Re: Superluminal Speeds and All That Jazz Yes it is. In this thread I wanted to focus on the misconception that the FLRW model, in promoting talk of 'superluminal speeds' -- verboten and unobservable in SR, somehow generates an internal conflict in relativity. You tend to focus on misconceptions about distances and ages of edges rooted in similar prejudices, and I agree pretty much with all you say. We also have different approaches towards dispelling such misconceptions--- I like a clear introducion to basic concepts; you recommend the simple balloon analogy and practicing with online calculators. Thanks for setting out your views so clearly here. There is plenty of room for both approaches. One can't have too much of a good thing! I hope that the final version of your sticky thread is a convincing mixture that helps newcomers to a better understanding of what modern cosmology is all about. With this aim in mind, I'll transfer some residual misgivings I have about comments you made here on the balloon analogy, to that thread.
Re: Superluminal Speeds and All That Jazz I missed the part where FLRW suggests superluminal velocities. Spacetime is not constrained by special or general relativity.
Re: Superluminal Speeds and All That Jazz I agree that spacetime is not constrained by SR or GR, Chronos. Spacetime is an invented coordinate space, rather than something tangible or perceptible --- it's as free as one's imagination. But in the FLRW model of an expanding universe there is often talk of how sufficiently far-apart elements of the cosmic fluid separate more rapidly than c, at what is often referred to as a 'superluminal speed'. Could you amplify your comment, please?

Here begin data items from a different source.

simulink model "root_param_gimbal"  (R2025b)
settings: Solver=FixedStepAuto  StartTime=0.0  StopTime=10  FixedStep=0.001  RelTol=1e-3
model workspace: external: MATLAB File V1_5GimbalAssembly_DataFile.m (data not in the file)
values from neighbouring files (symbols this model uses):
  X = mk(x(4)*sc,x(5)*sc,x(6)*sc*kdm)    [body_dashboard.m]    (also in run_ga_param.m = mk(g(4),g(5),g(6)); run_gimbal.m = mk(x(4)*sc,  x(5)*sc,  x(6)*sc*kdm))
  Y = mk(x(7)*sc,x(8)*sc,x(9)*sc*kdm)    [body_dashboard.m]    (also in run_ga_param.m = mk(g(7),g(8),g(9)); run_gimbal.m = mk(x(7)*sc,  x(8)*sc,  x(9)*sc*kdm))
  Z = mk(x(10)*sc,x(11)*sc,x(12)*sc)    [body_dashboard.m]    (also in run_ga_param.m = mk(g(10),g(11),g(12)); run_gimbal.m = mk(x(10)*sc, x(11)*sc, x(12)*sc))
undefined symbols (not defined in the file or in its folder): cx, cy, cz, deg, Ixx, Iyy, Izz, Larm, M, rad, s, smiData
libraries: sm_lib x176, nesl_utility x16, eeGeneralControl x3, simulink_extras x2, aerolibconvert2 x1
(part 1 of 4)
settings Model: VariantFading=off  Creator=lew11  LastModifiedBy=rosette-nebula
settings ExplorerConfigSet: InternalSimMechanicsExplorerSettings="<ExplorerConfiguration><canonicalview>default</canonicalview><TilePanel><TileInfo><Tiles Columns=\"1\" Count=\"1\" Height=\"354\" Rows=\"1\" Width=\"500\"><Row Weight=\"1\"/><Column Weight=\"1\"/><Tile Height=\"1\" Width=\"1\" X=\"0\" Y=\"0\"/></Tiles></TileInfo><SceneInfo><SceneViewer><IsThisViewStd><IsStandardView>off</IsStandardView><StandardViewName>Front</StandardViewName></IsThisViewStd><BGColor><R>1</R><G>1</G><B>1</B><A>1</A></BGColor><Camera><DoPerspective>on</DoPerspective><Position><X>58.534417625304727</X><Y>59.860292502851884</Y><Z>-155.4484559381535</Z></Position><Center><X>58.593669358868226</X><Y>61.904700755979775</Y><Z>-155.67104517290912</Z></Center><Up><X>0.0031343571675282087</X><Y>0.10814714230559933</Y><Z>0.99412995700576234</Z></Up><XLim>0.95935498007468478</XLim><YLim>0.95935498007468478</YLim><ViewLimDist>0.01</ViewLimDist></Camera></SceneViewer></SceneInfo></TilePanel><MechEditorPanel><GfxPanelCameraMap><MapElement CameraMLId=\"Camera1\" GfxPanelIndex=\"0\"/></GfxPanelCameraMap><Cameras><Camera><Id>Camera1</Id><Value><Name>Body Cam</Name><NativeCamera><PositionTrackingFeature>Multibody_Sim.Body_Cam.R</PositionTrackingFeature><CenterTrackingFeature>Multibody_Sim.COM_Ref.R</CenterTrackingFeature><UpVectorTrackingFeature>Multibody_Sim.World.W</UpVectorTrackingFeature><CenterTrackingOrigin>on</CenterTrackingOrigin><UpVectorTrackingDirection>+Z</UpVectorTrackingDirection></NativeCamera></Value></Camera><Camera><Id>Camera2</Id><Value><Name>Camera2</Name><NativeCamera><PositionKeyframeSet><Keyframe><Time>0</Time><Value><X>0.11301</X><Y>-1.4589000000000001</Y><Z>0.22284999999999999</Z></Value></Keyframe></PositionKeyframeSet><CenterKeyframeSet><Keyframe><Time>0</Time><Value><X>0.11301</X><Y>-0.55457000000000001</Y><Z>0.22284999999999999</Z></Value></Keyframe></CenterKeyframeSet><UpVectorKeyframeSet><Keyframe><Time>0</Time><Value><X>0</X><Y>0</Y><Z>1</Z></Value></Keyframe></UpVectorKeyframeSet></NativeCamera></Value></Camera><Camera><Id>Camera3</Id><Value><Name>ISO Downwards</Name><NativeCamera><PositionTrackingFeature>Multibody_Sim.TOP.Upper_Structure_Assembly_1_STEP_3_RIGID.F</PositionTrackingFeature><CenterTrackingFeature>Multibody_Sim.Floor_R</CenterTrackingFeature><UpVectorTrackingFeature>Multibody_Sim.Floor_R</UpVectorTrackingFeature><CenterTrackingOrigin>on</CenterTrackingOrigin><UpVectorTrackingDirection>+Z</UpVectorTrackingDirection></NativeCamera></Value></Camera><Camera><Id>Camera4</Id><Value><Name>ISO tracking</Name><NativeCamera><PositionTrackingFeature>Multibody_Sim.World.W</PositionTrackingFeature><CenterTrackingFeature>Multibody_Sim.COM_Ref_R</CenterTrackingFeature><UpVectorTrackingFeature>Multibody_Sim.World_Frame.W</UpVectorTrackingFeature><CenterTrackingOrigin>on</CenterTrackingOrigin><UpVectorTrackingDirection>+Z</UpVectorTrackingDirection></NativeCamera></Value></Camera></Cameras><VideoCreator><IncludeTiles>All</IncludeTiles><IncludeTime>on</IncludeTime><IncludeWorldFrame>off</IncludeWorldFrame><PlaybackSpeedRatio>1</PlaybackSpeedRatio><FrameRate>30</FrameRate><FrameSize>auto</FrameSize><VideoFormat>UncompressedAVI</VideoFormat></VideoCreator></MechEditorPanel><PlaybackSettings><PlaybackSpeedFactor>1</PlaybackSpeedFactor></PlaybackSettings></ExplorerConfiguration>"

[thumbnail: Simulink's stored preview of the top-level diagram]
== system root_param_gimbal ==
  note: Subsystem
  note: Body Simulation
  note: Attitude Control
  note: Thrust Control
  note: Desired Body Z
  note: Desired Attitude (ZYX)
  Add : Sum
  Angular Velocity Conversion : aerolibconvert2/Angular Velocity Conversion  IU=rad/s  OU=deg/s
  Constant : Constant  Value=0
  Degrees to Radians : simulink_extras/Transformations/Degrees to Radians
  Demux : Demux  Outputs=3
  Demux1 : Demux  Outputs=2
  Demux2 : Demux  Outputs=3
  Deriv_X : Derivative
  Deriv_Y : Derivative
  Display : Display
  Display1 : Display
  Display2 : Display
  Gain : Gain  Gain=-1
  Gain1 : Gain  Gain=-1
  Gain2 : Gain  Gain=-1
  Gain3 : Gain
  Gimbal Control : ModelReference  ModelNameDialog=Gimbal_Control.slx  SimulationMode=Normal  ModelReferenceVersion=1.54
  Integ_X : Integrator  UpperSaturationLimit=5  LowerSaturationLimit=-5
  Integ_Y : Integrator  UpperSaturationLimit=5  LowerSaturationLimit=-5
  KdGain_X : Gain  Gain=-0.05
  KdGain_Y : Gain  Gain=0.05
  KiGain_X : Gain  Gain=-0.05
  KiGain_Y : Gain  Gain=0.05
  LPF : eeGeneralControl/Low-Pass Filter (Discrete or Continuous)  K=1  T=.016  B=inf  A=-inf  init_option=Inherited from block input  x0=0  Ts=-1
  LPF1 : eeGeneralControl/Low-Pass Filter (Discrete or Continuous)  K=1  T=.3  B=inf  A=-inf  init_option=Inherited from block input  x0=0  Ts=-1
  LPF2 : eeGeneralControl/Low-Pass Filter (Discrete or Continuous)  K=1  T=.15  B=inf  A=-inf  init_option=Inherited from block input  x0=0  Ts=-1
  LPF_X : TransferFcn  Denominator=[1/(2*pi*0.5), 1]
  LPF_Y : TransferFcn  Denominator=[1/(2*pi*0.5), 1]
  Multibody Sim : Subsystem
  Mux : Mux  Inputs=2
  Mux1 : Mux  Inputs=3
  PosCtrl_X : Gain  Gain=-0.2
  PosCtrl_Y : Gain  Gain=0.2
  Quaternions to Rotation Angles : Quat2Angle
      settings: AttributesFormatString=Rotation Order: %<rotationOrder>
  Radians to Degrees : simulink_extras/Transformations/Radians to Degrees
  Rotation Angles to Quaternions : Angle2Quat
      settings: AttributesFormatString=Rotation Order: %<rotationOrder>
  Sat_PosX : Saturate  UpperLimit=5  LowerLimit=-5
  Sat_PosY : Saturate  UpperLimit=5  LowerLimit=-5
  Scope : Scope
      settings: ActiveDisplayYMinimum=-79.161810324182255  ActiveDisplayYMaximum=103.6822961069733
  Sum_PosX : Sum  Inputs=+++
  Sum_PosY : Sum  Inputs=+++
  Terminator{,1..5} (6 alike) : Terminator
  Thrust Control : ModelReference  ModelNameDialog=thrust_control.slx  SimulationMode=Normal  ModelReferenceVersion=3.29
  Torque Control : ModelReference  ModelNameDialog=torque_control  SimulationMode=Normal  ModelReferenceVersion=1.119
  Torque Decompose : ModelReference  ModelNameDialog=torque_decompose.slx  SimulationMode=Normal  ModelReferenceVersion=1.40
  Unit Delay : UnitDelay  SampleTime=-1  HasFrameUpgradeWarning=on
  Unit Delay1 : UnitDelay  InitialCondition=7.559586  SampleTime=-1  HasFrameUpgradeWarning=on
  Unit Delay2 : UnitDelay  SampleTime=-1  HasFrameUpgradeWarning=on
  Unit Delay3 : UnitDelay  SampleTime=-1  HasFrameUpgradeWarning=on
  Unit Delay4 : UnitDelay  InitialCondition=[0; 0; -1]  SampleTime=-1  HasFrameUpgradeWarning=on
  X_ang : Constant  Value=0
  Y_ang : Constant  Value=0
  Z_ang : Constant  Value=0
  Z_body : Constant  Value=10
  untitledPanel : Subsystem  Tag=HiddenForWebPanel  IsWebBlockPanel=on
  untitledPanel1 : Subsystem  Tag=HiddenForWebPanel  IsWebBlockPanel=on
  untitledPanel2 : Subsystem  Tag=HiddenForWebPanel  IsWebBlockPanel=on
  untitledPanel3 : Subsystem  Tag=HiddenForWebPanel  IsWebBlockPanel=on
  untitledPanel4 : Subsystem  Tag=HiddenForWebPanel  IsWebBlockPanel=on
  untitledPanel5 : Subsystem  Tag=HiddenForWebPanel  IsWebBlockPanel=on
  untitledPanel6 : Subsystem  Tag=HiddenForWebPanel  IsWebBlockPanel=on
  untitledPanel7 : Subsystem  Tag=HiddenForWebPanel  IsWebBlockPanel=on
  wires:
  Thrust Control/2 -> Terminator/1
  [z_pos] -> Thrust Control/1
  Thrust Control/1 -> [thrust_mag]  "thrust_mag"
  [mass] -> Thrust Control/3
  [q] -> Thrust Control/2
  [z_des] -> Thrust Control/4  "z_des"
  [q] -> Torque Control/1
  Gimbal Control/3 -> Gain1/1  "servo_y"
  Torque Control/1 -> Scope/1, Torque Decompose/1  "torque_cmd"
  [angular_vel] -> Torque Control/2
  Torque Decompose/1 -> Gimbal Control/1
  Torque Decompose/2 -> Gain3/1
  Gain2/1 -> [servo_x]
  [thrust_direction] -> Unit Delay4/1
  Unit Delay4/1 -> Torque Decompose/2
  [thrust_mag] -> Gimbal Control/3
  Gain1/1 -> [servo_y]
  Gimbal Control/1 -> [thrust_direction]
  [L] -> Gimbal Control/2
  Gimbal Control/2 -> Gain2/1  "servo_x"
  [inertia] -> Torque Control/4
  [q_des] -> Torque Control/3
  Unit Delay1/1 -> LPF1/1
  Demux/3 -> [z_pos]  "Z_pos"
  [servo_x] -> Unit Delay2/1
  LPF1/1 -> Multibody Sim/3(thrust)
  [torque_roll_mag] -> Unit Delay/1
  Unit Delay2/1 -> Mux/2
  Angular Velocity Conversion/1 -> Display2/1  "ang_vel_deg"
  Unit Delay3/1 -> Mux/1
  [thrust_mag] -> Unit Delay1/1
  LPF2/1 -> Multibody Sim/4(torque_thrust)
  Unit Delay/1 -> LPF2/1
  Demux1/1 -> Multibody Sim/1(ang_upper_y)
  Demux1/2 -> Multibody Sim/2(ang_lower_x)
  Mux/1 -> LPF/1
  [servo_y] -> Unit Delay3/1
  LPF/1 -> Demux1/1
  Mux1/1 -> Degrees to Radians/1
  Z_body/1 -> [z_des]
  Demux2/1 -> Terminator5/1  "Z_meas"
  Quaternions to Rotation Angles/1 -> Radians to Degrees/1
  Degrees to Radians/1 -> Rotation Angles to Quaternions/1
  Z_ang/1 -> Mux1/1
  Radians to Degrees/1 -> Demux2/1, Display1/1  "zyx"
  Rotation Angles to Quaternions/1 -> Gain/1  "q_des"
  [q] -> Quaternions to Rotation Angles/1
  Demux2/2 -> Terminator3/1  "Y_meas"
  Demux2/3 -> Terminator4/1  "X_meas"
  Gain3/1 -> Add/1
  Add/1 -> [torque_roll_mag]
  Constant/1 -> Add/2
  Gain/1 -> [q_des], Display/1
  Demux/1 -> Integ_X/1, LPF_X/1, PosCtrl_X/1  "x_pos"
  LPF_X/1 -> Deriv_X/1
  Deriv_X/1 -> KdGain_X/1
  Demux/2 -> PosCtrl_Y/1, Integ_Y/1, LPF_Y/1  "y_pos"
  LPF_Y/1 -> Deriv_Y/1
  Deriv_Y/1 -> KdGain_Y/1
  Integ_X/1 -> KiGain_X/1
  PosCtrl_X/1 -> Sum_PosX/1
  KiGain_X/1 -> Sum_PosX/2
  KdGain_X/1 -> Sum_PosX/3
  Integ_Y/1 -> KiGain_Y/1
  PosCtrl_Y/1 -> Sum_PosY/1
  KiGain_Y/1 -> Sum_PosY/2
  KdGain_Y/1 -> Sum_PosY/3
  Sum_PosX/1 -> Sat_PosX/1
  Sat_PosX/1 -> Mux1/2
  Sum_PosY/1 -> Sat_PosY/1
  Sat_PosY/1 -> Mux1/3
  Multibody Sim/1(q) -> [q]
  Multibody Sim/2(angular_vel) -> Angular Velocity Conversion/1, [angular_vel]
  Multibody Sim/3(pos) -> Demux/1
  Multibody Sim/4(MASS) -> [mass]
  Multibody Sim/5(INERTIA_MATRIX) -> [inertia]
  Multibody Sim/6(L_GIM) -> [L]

Re: Superluminal Speeds and All That Jazz I think you would agree it is a simple one-line mathematical consequence of the usual form of the metric, would you not? I expect there is often talk, but it's concretely obvious too. E.g. write down the FLWR metric, take the flat case for simplicity, normalize a(present)= 1 which is often done. Look at a spatial interval of length 1/a' where a' is the time derivative of the scalefactor. Then consider the rate at which the length of that interval is increasing---it is c by simple algebra. And any longer interval will be increasing faster than c. Just as a consequence of the way the FLWR metric is constructed. Double that length and the metric will tell you it is increasing at 2c. Am I missing something? Seems like a direct math consequence of FLWR, by inspection so to speak. I like switching the letters FLRW around to FLWR so that it spells "flower" Excuse the playful levity.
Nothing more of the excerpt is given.